# EXERCISE:
Look through the records that follow. Copy every line containing the word "Inputs".

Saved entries
--*--
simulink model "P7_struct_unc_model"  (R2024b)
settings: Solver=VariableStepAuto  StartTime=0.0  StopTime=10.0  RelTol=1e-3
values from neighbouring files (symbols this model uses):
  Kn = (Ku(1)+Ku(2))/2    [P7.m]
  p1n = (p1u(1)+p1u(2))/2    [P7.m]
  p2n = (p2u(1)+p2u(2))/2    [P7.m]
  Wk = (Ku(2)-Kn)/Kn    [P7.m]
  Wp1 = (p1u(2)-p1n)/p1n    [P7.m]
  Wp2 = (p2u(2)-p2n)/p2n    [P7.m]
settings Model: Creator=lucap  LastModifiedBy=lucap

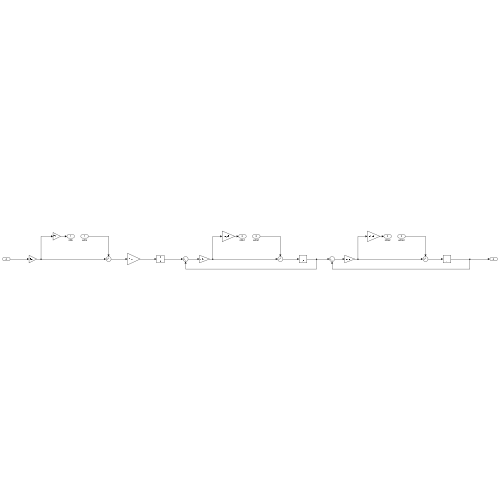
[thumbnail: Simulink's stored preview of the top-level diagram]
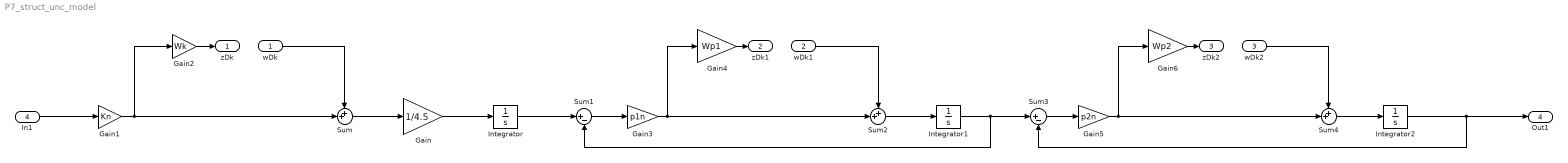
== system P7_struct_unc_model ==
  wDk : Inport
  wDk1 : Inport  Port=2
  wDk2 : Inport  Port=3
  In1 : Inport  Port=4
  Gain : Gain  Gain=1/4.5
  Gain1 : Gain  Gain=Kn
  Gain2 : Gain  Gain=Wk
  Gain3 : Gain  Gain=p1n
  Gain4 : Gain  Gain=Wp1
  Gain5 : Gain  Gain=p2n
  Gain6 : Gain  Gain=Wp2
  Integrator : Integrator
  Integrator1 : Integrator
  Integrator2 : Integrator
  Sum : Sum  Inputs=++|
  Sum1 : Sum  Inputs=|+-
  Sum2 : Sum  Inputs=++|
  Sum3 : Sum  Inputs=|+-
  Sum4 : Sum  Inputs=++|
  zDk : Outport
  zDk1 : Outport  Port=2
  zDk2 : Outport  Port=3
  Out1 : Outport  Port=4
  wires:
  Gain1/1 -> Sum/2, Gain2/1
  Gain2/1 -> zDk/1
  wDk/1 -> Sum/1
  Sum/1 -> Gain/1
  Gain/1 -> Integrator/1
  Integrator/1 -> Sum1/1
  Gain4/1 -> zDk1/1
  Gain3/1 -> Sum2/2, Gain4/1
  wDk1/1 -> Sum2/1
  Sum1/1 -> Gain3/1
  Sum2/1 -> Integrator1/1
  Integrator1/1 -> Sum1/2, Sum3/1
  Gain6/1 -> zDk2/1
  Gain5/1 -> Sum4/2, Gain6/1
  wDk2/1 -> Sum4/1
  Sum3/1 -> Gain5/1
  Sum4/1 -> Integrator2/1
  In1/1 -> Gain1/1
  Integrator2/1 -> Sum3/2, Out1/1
--*--
# RESULT OF THE TASK:
  Sum : Sum  Inputs=++|
  Sum1 : Sum  Inputs=|+-
  Sum2 : Sum  Inputs=++|
  Sum3 : Sum  Inputs=|+-
  Sum4 : Sum  Inputs=++|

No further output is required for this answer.